▸ **TASK TO COMPLETE**
Look through the data below. Pick out the lines holding the string "color".
******
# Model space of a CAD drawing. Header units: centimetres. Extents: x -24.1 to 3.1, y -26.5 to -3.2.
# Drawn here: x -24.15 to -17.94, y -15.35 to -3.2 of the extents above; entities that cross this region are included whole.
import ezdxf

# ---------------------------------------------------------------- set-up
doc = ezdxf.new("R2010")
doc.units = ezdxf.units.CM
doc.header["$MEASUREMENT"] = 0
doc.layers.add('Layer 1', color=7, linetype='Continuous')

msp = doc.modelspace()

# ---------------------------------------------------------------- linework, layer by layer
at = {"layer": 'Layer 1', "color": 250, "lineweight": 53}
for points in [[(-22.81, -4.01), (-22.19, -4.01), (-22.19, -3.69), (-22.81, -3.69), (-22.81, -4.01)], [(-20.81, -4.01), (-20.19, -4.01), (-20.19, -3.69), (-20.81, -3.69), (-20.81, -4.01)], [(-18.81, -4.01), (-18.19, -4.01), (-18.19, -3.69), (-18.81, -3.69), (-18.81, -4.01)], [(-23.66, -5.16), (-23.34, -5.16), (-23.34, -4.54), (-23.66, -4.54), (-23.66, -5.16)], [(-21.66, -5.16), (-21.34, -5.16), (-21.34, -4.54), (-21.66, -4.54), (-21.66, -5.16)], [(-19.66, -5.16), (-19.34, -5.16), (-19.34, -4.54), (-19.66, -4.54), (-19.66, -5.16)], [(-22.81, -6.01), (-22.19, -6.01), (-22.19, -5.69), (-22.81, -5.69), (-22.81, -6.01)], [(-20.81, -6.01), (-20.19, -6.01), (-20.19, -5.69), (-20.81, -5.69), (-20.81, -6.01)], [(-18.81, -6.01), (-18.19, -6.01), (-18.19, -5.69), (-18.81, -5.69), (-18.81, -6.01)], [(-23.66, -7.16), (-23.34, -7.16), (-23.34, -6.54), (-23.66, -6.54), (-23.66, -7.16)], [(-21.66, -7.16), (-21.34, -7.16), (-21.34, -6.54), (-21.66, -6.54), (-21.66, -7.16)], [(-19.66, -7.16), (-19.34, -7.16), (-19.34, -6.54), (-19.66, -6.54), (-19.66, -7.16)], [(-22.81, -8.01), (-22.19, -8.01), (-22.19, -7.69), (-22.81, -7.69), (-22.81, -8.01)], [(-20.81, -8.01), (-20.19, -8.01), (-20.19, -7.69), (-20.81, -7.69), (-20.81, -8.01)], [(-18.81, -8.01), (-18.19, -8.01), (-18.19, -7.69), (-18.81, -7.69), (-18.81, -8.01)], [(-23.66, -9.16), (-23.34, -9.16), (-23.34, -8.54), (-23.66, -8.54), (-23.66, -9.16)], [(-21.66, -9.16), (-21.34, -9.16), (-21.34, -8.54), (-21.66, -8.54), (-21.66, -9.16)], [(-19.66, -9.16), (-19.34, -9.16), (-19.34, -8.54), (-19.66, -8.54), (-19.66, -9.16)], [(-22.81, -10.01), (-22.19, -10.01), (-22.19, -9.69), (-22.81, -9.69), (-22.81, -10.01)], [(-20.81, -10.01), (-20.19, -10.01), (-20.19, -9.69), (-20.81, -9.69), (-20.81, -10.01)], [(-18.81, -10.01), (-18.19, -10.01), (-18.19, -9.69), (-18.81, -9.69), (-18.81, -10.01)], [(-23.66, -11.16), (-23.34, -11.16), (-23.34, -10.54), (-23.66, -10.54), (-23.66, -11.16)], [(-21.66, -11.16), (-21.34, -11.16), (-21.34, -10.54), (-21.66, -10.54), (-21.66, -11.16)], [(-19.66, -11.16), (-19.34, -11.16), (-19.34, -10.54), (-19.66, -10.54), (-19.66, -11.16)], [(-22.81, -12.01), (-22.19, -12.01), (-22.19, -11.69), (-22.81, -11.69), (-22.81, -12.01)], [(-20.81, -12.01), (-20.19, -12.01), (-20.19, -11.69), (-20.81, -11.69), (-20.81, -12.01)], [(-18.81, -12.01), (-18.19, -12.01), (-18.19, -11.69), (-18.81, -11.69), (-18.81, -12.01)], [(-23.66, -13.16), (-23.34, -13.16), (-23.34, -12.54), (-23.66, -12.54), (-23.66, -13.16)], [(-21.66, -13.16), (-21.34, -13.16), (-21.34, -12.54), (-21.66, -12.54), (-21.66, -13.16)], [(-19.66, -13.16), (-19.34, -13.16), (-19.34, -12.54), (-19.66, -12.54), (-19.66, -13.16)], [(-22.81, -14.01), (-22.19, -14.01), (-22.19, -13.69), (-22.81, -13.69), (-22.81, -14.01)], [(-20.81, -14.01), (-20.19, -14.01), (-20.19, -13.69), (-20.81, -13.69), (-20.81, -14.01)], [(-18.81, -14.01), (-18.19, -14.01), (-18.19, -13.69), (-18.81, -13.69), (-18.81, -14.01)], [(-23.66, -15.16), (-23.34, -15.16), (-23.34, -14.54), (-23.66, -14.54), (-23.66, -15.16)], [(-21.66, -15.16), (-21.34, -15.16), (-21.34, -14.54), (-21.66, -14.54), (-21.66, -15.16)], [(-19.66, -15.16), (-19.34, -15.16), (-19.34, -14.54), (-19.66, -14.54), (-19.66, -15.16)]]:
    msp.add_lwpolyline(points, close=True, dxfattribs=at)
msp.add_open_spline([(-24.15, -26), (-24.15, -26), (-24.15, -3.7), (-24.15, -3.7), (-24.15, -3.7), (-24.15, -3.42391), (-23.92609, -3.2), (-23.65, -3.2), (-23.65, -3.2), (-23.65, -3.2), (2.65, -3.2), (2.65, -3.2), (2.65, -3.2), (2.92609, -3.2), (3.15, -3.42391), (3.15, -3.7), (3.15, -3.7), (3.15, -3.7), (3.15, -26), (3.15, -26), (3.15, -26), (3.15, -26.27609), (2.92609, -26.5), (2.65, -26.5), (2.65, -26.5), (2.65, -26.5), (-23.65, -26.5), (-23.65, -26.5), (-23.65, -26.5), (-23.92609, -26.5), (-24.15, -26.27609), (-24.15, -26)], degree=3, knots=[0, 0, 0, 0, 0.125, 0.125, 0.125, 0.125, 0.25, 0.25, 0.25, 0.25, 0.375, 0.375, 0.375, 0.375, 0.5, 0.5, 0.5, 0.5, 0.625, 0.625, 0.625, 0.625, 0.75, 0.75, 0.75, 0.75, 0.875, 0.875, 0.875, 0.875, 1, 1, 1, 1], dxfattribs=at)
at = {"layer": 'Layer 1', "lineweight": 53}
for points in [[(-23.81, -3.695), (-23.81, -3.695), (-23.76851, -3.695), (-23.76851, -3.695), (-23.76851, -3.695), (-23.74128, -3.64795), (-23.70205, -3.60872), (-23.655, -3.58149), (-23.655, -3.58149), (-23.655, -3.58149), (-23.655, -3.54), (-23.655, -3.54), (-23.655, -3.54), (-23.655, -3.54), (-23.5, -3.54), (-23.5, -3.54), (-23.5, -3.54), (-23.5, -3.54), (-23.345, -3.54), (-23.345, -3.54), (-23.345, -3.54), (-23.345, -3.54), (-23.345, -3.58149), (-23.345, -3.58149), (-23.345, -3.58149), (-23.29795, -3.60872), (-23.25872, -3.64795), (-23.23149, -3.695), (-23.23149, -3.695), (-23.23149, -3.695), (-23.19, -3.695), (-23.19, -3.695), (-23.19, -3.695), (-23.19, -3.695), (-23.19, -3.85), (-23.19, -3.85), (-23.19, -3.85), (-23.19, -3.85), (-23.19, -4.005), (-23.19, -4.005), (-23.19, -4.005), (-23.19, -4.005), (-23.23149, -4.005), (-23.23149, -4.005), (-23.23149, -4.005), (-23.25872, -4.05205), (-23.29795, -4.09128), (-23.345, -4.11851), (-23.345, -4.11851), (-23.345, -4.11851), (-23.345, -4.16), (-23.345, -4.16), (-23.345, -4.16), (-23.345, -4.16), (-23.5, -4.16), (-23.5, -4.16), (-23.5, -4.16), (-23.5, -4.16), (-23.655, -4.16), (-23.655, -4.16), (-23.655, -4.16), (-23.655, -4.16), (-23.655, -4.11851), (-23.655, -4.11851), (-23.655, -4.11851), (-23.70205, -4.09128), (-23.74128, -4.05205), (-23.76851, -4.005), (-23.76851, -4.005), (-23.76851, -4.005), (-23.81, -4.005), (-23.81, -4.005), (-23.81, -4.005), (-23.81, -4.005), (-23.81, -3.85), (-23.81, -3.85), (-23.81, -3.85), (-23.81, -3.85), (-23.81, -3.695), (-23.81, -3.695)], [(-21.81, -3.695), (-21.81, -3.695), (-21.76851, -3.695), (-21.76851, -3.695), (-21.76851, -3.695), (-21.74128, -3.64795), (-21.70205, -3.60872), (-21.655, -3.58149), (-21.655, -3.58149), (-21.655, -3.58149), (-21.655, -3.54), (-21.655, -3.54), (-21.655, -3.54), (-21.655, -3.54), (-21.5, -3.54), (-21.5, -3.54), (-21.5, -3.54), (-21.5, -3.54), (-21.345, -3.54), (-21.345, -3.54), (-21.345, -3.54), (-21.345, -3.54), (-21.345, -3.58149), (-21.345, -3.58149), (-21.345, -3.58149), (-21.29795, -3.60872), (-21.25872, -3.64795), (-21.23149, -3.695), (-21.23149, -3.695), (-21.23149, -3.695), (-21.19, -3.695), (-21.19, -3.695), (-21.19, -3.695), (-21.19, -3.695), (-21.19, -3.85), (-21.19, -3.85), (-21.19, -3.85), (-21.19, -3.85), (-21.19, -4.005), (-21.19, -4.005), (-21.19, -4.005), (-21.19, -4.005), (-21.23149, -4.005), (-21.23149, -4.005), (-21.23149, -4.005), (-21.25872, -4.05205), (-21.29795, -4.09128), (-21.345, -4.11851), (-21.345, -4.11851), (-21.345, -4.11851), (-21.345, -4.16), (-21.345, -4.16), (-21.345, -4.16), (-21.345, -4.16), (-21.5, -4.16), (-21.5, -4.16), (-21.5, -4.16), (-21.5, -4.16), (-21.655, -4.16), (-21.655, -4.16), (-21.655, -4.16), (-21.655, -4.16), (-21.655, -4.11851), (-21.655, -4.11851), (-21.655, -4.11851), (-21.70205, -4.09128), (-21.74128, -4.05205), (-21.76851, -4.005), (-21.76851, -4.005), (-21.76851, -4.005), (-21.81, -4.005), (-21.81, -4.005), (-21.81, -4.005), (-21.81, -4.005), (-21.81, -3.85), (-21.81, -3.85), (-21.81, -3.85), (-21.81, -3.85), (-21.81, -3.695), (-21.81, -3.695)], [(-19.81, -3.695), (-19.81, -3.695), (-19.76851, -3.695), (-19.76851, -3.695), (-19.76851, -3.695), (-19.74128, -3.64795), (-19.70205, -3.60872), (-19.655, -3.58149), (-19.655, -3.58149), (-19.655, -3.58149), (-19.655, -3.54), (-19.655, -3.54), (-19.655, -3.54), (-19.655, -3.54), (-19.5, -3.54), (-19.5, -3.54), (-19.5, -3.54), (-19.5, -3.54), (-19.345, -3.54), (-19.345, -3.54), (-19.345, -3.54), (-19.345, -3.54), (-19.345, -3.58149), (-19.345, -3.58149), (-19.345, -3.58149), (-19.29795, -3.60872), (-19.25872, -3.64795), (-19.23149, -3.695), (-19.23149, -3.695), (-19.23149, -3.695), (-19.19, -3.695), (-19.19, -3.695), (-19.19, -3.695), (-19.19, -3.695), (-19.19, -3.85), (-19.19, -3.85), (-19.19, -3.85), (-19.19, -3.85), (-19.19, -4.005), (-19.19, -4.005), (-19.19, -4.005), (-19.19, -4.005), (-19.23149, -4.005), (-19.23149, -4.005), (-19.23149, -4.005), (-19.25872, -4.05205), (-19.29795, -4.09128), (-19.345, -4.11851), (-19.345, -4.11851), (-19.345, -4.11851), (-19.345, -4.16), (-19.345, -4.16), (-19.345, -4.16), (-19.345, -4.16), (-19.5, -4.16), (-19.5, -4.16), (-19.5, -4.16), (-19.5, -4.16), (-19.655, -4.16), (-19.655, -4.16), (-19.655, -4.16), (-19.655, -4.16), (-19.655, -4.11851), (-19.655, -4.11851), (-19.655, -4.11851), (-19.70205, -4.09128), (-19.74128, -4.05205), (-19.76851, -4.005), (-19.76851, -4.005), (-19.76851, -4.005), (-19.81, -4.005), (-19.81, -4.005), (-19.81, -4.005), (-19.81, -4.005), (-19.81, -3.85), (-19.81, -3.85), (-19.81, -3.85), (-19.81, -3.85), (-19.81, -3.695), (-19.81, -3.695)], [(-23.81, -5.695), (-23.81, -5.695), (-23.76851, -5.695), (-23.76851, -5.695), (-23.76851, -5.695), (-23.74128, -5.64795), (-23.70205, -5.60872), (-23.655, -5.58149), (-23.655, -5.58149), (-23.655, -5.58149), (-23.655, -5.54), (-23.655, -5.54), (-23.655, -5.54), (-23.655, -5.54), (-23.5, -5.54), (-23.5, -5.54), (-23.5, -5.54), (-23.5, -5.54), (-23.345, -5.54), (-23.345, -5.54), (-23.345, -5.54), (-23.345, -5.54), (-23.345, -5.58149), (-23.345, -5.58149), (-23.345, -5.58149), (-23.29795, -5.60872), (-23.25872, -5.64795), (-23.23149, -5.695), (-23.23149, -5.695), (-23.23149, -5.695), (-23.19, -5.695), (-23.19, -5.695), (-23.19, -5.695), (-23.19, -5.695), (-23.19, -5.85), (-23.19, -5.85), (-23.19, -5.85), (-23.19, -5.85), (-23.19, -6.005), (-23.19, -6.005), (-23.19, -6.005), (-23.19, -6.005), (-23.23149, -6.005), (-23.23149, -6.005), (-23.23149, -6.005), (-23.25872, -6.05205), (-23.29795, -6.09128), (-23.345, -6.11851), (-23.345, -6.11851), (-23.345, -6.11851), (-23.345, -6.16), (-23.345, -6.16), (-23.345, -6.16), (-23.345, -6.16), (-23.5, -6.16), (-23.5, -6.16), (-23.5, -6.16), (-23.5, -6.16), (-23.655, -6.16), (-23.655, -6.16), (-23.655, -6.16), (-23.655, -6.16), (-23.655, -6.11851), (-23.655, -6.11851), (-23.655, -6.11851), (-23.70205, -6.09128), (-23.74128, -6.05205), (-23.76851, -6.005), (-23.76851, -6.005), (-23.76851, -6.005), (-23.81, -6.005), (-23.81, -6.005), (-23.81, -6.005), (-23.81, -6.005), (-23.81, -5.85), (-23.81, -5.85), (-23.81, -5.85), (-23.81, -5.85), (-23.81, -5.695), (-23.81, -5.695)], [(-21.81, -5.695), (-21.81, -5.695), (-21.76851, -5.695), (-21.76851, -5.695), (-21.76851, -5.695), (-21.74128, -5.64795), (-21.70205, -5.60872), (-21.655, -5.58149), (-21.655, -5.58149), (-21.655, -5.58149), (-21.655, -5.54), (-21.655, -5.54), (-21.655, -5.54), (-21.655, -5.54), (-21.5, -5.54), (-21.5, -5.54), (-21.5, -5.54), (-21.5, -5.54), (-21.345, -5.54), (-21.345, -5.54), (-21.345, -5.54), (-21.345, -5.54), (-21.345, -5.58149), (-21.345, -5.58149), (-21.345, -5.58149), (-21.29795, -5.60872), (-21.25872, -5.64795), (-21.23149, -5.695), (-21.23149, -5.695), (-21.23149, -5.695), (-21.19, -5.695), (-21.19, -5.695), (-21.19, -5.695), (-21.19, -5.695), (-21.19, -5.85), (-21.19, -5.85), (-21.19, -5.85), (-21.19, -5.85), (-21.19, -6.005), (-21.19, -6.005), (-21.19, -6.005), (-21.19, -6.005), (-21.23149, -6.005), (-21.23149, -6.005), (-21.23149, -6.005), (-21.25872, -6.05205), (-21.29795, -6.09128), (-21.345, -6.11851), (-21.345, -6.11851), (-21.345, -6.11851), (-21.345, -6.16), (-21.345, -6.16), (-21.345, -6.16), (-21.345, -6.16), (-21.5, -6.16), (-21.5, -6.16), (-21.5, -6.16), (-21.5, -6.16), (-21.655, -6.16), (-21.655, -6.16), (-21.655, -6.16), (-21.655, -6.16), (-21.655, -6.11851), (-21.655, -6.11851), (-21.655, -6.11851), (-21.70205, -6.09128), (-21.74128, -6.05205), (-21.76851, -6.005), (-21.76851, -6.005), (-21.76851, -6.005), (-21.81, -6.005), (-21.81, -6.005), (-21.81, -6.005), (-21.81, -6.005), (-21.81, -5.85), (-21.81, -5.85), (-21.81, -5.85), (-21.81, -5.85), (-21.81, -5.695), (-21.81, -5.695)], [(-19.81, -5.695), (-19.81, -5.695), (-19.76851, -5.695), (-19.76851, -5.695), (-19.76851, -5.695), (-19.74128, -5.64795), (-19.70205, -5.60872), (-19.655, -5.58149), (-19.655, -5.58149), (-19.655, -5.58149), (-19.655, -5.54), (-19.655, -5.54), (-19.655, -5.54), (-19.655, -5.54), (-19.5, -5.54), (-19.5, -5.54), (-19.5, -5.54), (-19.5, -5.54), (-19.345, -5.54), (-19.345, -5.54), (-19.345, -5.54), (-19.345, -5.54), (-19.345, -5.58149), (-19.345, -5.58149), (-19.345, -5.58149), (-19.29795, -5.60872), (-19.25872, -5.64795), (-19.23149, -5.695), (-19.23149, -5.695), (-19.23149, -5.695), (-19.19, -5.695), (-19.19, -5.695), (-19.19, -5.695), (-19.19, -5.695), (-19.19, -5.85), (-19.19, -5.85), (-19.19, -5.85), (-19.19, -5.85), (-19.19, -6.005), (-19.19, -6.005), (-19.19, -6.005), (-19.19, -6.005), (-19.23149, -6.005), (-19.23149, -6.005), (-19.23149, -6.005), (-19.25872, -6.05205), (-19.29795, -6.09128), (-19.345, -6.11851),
******
▸ **RESULT BELOW**
doc.layers.add('Layer 1', color=7, linetype='Continuous')
at = {"layer": 'Layer 1', "color": 250, "lineweight": 53}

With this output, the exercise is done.